Consider $$ f(z) = \frac{z}{\sin{z}}. $$ I know that $\sin{z}$ has zeros at $ n\pi, n \in \mathbb{Z} $, so $f$ has singularities at those points. For $ z=0 $, I may use expansion $\sin{z} = z + \mathcal{O}(z^3)$, and obtain $ f(z) = \frac{z}{z + \mathcal{O}(z^3)} \to 1 $ as $ z \to 0 $. Therefore, $z=0$ is a removable singularity. For other points of the form $n\pi, n \in \mathbb{Z}$, we may use the fact that $|f(z)| \to \infty$ as $z \to \pm n\pi $, $n \neq 0,$ and find out that at these points, $f$ has simple poles.
If we are to write Laurent Series around the point $z = \pi i,$ $\sum_{n=-\infty}^{\infty} a_n (z-\pi i)^n $ we get that the radius of convergence is the distance from $\pi i$ to the nearest singularity, beyond which is impossible to extend the function analytically. In this case that is, $ R = |\pi i \pm \pi| = \sqrt{2}\pi.$
Now consider the case where $$f(z) = \frac{z^3}{\sin^3{z}}.$$ I would assume the same as above holds in this case, but solution says that in this case $z=0$ is a simple pole and so series have $R = \pi.$
Why isn't $z=0$ removable singularity in this example?
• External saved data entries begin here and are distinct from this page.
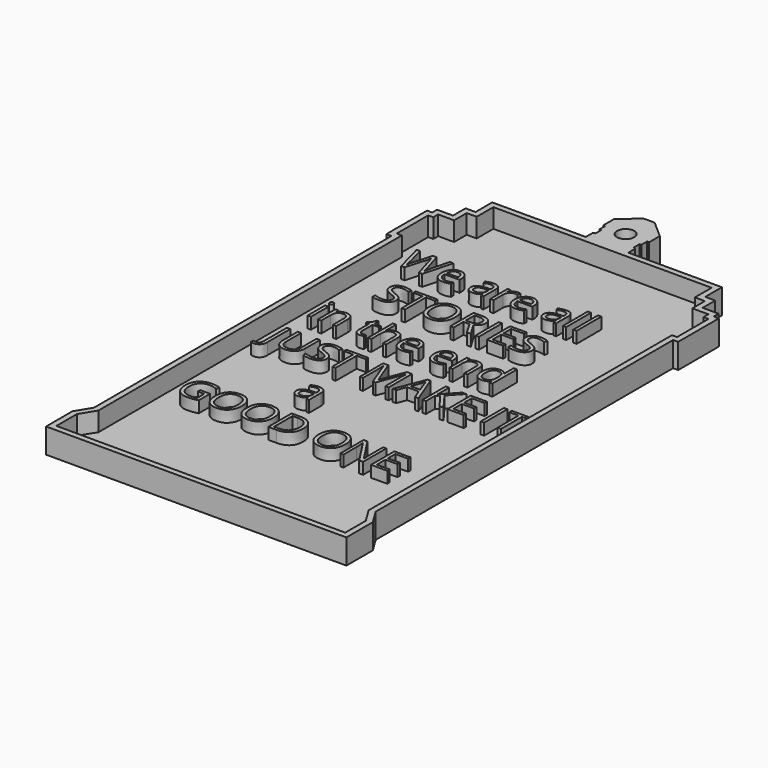
from build123d import *

# Parameters (mm, degrees)
F1_DEPTH     = 5
F2_T         = 1.5
F3_TEXT_SIZE = 10.6552692394
F4_DEPTH     = 3
F6_DEPTH     = 5
F8_D         = 4.5


# Not quite as in the source:
# - Text() gives the source's letters only with a copy of the font that has no kerning and outlines rounded to 1/6400 em; it was checked with that copy


with BuildPart() as f1:
    # F0 (on Top) → F1 (new body)
    with BuildSketch(Plane.XY):
        Polygon((0.8973410586, 73.7785175443), (0, 73.7785175443), (-0.8973410586, 73.7785175443), (-4.4930293225, 70.6085041165), (-4.4930293225, 69.2975744605), (-3.9780219086, 69.2975744605), (-3.9780219086, 67.4622729421), (-3.5004694946, 67.4622729421), (-3.5004694946, 63.4733140469), (-3.708244767, 63.1362199783), (-4.0640677325, 62.8927573562), (-4.0640677325, 60.0461736321), (-28.5353232175, 60.0461736321), (-28.5353232175, 54.5964986086), (-31.1457253993, 54.5964986086), (-31.1457253993, 50.4831373692), (-35.322368145, 50.4831373692), (-35.322368145, 48.885256052), (-36.6512984037, 48.885256052), (-36.6512984037, 38.6018566787), (-35.322368145, 38.6018566787), (-35.322368145, -60.5516731739), (-37.7688109875, -64.5384639502), (-37.7688109875, -71.2464079261), (0, -71.2464079261), (37.7688109875, -71.2464079261), (37.7688109875, -64.5384639502), (35.322368145, -60.5516731739), (35.322368145, 38.6018566787), (36.6512984037, 38.6018566787), (36.6512984037, 48.885256052), (35.322368145, 48.885256052), (35.322368145, 50.4831373692), (31.1457253993, 50.4831373692), (31.1457253993, 54.5964986086), (28.5353232175, 54.5964986086), (28.5353232175, 60.0461736321), (4.0640677325, 60.0461736321), (4.0640677325, 62.8927573562), (3.708244767, 63.1362199783), (3.5004694946, 63.4733140469), (3.5004694946, 67.4622729421), (3.9780219086, 67.4622729421), (3.9780219086, 69.2975744605), (4.4930293225, 69.2975744605), (4.4930293225, 70.6085041165), align=None)
    extrude(amount=F1_DEPTH)

    # F2
    f2_openings = [f1.faces().sort_by_distance(p)[0] for p in [
        (0, -5.683959, 5),
    ]]
    offset(amount=F2_T, openings=f2_openings, kind=Kind.INTERSECTION)

    # F3 (on face) → F4 (join)
    with BuildSketch(Plane.XY):
        with Locations((-31.5245579712, 30.9300628264)):
            Text('We are all', F3_TEXT_SIZE, font='Open Sans', text_align=(TextAlign.LEFT, TextAlign.BOTTOM))
        with Locations((-25.9871477384, 16.4388966608)):
            Text('STORIES', F3_TEXT_SIZE, font='Open Sans', text_align=(TextAlign.LEFT, TextAlign.BOTTOM))
        with Locations((-31.5245579712, 1.9477304953)):
            Text('in the end', F3_TEXT_SIZE, font='Open Sans', text_align=(TextAlign.LEFT, TextAlign.BOTTOM))
        with Locations((-31.5245579712, -12.5434356703)):
            Text('JUST MAKE IT', F3_TEXT_SIZE, font='Open Sans', text_align=(TextAlign.LEFT, TextAlign.BOTTOM))
        with Locations((-12.1436221563, -27.0346018358)):
            Text('a', F3_TEXT_SIZE, font='Open Sans', text_align=(TextAlign.LEFT, TextAlign.BOTTOM))
        with Locations((-31.5245579712, -41.5257680013)):
            Text('GOOD ONE', F3_TEXT_SIZE, font='Open Sans', text_align=(TextAlign.LEFT, TextAlign.BOTTOM))
    extrude(amount=F4_DEPTH)

    # F5 (on face) → F6 (join)
    with BuildSketch(Plane.XY):
        Polygon((0.8973410586, 73.7785175443), (0, 73.7785175443), (-0.8973410586, 73.7785175443), (-4.4930293225, 70.6085041165), (-4.4930293225, 69.2975744605), (-3.9780219086, 69.2975744605), (-3.9780219086, 67.4622729421), (-3.5004694946, 67.4622729421), (-3.5004694946, 63.4733140469), (-3.708244767, 63.1362199783), (-4.0640677325, 62.8927573562), (-4.0640677325, 60.0461736321), (4.0640677325, 60.0461736321), (4.0640677325, 62.8927573562), (3.708244767, 63.1362199783), (3.5004694946, 63.4733140469), (3.5004694946, 67.4622729421), (3.9780219086, 67.4622729421), (3.9780219086, 69.2975744605), (4.4930293225, 69.2975744605), (4.4930293225, 70.6085041165), align=None)
    extrude(amount=F6_DEPTH)

    # F8 (through all)
    with Locations(Plane.XY.offset(5)):
        with Locations((0, 67.6145404577)):
            Hole(F8_D / 2)


solid = f1.part

$\mathbf{Edit}:$ The solution in my book was wrong. $z=0$ is indeed a removable singularity in this example as well, but for a function $$\frac{z^2}{\sin^3{z}},$$ $z=0$ will be a simple pole.
$\dfrac{z^3}{\sin^3 z}$ does have a removable singularity at $z=0$. Either the solution is wrong or the problem is misquoted: maybe it should be $\dfrac{z^2}{\sin^3 z}$?